Exercise> Return every entry exactly, except for any pictures.
==== Task data
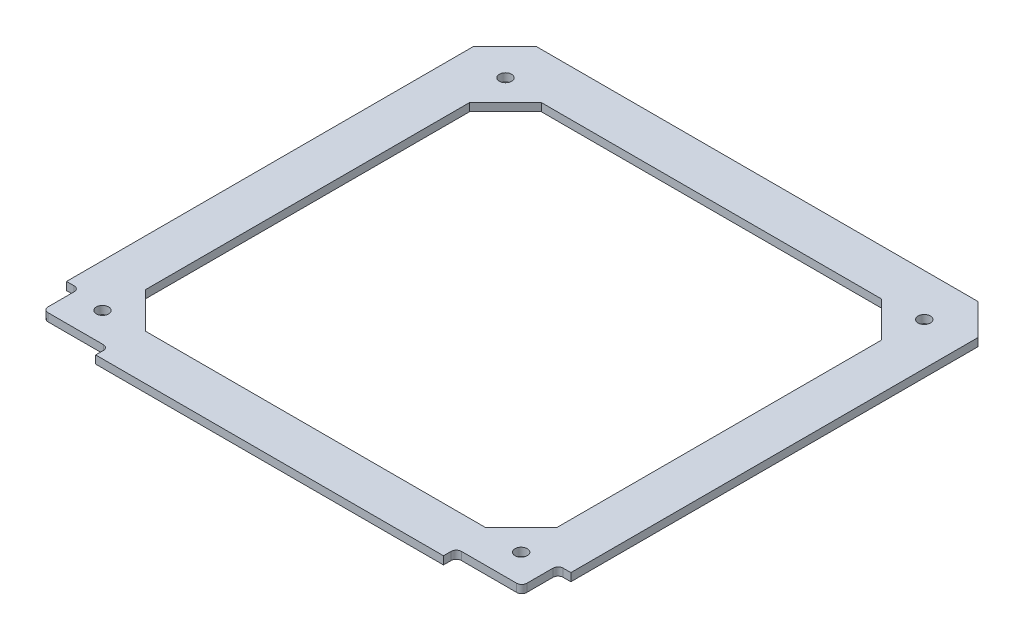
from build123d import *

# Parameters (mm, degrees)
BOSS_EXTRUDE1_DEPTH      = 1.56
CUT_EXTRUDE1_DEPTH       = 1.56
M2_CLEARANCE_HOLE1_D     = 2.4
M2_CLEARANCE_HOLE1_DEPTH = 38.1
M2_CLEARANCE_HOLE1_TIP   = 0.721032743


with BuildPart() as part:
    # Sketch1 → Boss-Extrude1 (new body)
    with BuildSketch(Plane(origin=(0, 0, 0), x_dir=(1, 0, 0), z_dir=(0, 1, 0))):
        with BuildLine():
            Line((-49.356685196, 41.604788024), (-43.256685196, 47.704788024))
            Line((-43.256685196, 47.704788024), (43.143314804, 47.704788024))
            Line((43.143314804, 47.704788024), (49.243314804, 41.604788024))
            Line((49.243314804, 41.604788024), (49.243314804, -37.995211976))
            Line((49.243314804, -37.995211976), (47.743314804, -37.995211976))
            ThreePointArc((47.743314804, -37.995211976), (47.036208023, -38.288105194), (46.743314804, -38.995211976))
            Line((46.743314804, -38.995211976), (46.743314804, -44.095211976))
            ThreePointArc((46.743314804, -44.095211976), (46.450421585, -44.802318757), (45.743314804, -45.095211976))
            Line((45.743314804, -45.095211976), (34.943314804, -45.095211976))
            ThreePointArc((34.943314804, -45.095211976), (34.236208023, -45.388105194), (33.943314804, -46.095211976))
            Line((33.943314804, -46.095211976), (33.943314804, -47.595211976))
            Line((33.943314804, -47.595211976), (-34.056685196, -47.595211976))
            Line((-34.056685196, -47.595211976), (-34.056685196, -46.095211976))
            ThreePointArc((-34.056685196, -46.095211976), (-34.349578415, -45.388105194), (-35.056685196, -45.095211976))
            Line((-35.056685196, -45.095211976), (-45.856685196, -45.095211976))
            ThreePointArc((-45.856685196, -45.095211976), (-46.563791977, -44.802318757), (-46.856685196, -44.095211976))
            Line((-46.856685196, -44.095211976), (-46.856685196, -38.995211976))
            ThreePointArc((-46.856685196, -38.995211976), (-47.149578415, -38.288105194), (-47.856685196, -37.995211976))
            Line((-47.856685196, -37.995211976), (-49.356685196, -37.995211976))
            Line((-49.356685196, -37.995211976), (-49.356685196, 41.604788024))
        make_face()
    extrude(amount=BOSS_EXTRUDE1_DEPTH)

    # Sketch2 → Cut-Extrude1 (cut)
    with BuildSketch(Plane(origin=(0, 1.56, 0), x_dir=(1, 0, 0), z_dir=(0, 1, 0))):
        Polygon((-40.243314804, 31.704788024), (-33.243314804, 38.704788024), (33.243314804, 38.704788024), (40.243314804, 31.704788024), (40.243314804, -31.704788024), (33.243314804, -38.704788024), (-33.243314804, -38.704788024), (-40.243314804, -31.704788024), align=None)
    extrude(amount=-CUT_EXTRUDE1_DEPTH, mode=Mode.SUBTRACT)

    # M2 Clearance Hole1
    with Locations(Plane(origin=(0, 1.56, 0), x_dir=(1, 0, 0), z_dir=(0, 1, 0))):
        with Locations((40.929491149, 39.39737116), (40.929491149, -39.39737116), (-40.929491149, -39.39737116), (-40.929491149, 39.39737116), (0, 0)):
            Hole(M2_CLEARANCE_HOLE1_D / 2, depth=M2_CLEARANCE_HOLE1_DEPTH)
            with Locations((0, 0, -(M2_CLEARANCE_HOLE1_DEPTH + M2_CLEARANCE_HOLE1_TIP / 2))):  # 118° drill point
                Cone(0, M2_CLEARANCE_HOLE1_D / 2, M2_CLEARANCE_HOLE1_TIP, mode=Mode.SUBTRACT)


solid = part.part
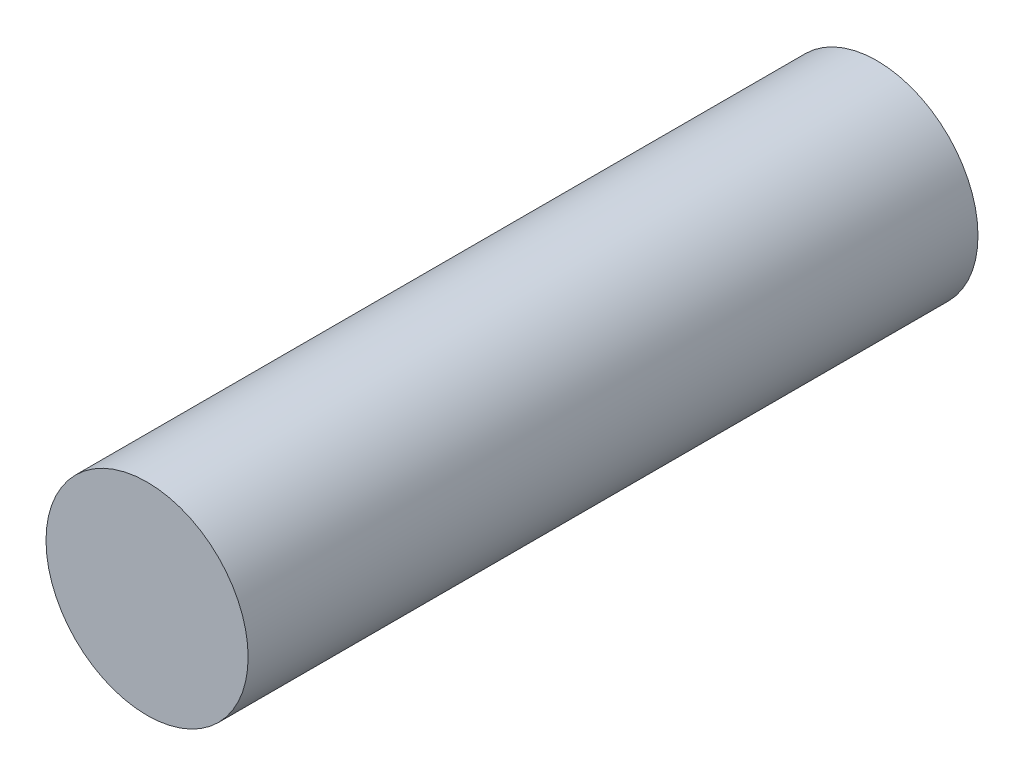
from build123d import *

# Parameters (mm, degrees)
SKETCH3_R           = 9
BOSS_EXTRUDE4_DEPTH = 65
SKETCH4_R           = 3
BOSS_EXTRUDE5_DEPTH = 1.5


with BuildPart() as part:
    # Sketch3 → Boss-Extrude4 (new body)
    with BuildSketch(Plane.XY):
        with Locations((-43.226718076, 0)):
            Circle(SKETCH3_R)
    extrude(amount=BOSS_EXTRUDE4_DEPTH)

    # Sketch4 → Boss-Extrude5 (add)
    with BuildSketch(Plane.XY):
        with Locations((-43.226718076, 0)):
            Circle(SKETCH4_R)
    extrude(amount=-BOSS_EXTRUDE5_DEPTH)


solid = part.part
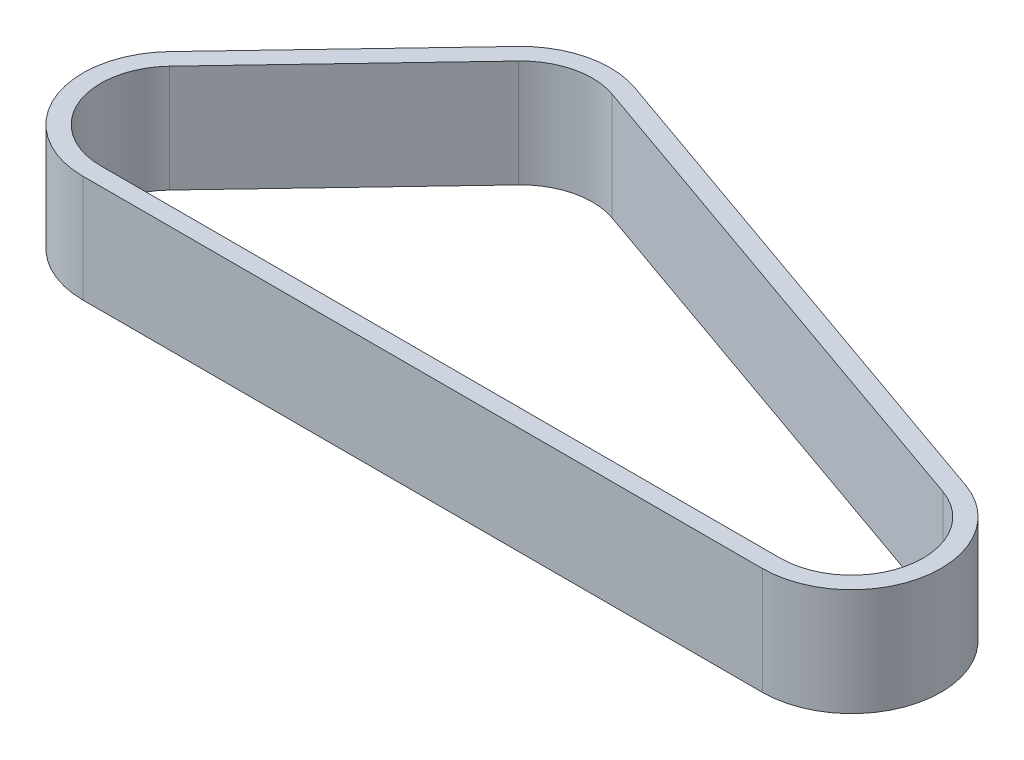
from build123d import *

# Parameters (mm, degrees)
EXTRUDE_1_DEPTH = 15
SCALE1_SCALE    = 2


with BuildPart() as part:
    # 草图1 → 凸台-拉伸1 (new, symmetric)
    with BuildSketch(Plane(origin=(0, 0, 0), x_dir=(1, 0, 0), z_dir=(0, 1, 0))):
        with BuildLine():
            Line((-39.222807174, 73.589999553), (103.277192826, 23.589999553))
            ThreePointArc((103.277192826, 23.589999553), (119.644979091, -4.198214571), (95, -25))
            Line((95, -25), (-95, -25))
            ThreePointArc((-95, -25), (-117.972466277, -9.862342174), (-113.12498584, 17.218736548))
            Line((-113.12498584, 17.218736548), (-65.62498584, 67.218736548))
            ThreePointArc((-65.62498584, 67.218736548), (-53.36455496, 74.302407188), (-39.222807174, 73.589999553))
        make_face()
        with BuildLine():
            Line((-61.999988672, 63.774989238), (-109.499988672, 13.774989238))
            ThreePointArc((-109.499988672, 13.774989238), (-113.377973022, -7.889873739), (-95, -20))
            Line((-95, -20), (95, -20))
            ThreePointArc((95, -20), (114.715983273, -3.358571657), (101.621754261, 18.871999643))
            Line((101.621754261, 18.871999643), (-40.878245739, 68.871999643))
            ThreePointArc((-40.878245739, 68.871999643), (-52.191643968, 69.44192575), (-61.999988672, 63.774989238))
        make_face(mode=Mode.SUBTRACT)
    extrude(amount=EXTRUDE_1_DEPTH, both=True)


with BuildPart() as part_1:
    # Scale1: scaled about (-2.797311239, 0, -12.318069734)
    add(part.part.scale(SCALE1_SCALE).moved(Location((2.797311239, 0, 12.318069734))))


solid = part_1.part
========
Your response>
from build123d import *

# Parameters (mm, degrees)
BOSS_EXTRUDE1_DEPTH      = 1.56
CUT_EXTRUDE1_DEPTH       = 1.56
M2_CLEARANCE_HOLE1_D     = 2.4
M2_CLEARANCE_HOLE1_DEPTH = 38.1
M2_CLEARANCE_HOLE1_TIP   = 0.721032743


with BuildPart() as part:
    # Sketch1 → Boss-Extrude1 (new body)
    with BuildSketch(Plane(origin=(0, 0, 0), x_dir=(1, 0, 0), z_dir=(0, 1, 0))):
        with BuildLine():
            Line((-49.356685196, 41.604788024), (-43.256685196, 47.704788024))
            Line((-43.256685196, 47.704788024), (43.143314804, 47.704788024))
            Line((43.143314804, 47.704788024), (49.243314804, 41.604788024))
            Line((49.243314804, 41.604788024), (49.243314804, -37.995211976))
            Line((49.243314804, -37.995211976), (47.743314804, -37.995211976))
            ThreePointArc((47.743314804, -37.995211976), (47.036208023, -38.288105194), (46.743314804, -38.995211976))
            Line((46.743314804, -38.995211976), (46.743314804, -44.095211976))
            ThreePointArc((46.743314804, -44.095211976), (46.450421585, -44.802318757), (45.743314804, -45.095211976))
            Line((45.743314804, -45.095211976), (34.943314804, -45.095211976))
            ThreePointArc((34.943314804, -45.095211976), (34.236208023, -45.388105194), (33.943314804, -46.095211976))
            Line((33.943314804, -46.095211976), (33.943314804, -47.595211976))
            Line((33.943314804, -47.595211976), (-34.056685196, -47.595211976))
            Line((-34.056685196, -47.595211976), (-34.056685196, -46.095211976))
            ThreePointArc((-34.056685196, -46.095211976), (-34.349578415, -45.388105194), (-35.056685196, -45.095211976))
            Line((-35.056685196, -45.095211976), (-45.856685196, -45.095211976))
            ThreePointArc((-45.856685196, -45.095211976), (-46.563791977, -44.802318757), (-46.856685196, -44.095211976))
            Line((-46.856685196, -44.095211976), (-46.856685196, -38.995211976))
            ThreePointArc((-46.856685196, -38.995211976), (-47.149578415, -38.288105194), (-47.856685196, -37.995211976))
            Line((-47.856685196, -37.995211976), (-49.356685196, -37.995211976))
            Line((-49.356685196, -37.995211976), (-49.356685196, 41.604788024))
        make_face()
    extrude(amount=BOSS_EXTRUDE1_DEPTH)

    # Sketch2 → Cut-Extrude1 (cut)
    with BuildSketch(Plane(origin=(0, 1.56, 0), x_dir=(1, 0, 0), z_dir=(0, 1, 0))):
        Polygon((-40.243314804, 31.704788024), (-33.243314804, 38.704788024), (33.243314804, 38.704788024), (40.243314804, 31.704788024), (40.243314804, -31.704788024), (33.243314804, -38.704788024), (-33.243314804, -38.704788024), (-40.243314804, -31.704788024), align=None)
    extrude(amount=-CUT_EXTRUDE1_DEPTH, mode=Mode.SUBTRACT)

    # M2 Clearance Hole1
    with Locations(Plane(origin=(0, 1.56, 0), x_dir=(1, 0, 0), z_dir=(0, 1, 0))):
        with Locations((40.929491149, 39.39737116), (40.929491149, -39.39737116), (-40.929491149, -39.39737116), (-40.929491149, 39.39737116), (0, 0)):
            Hole(M2_CLEARANCE_HOLE1_D / 2, depth=M2_CLEARANCE_HOLE1_DEPTH)
            with Locations((0, 0, -(M2_CLEARANCE_HOLE1_DEPTH + M2_CLEARANCE_HOLE1_TIP / 2))):  # 118° drill point
                Cone(0, M2_CLEARANCE_HOLE1_D / 2, M2_CLEARANCE_HOLE1_TIP, mode=Mode.SUBTRACT)


solid = part.part
from build123d import *

# Parameters (mm, degrees)
SKETCH3_R           = 9
BOSS_EXTRUDE4_DEPTH = 65
SKETCH4_R           = 3
BOSS_EXTRUDE5_DEPTH = 1.5


with BuildPart() as part:
    # Sketch3 → Boss-Extrude4 (new body)
    with BuildSketch(Plane.XY):
        with Locations((-43.226718076, 0)):
            Circle(SKETCH3_R)
    extrude(amount=BOSS_EXTRUDE4_DEPTH)

    # Sketch4 → Boss-Extrude5 (add)
    with BuildSketch(Plane.XY):
        with Locations((-43.226718076, 0)):
            Circle(SKETCH4_R)
    extrude(amount=-BOSS_EXTRUDE5_DEPTH)


solid = part.part
from build123d import *

# Parameters (mm, degrees)
EXTRUDE_1_DEPTH = 15
SCALE1_SCALE    = 2


with BuildPart() as part:
    # 草图1 → 凸台-拉伸1 (new, symmetric)
    with BuildSketch(Plane(origin=(0, 0, 0), x_dir=(1, 0, 0), z_dir=(0, 1, 0))):
        with BuildLine():
            Line((-39.222807174, 73.589999553), (103.277192826, 23.589999553))
            ThreePointArc((103.277192826, 23.589999553), (119.644979091, -4.198214571), (95, -25))
            Line((95, -25), (-95, -25))
            ThreePointArc((-95, -25), (-117.972466277, -9.862342174), (-113.12498584, 17.218736548))
            Line((-113.12498584, 17.218736548), (-65.62498584, 67.218736548))
            ThreePointArc((-65.62498584, 67.218736548), (-53.36455496, 74.302407188), (-39.222807174, 73.589999553))
        make_face()
        with BuildLine():
            Line((-61.999988672, 63.774989238), (-109.499988672, 13.774989238))
            ThreePointArc((-109.499988672, 13.774989238), (-113.377973022, -7.889873739), (-95, -20))
            Line((-95, -20), (95, -20))
            ThreePointArc((95, -20), (114.715983273, -3.358571657), (101.621754261, 18.871999643))
            Line((101.621754261, 18.871999643), (-40.878245739, 68.871999643))
            ThreePointArc((-40.878245739, 68.871999643), (-52.191643968, 69.44192575), (-61.999988672, 63.774989238))
        make_face(mode=Mode.SUBTRACT)
    extrude(amount=EXTRUDE_1_DEPTH, both=True)


with BuildPart() as part_1:
    # Scale1: scaled about (-2.797311239, 0, -12.318069734)
    add(part.part.scale(SCALE1_SCALE).moved(Location((2.797311239, 0, 12.318069734))))


solid = part_1.part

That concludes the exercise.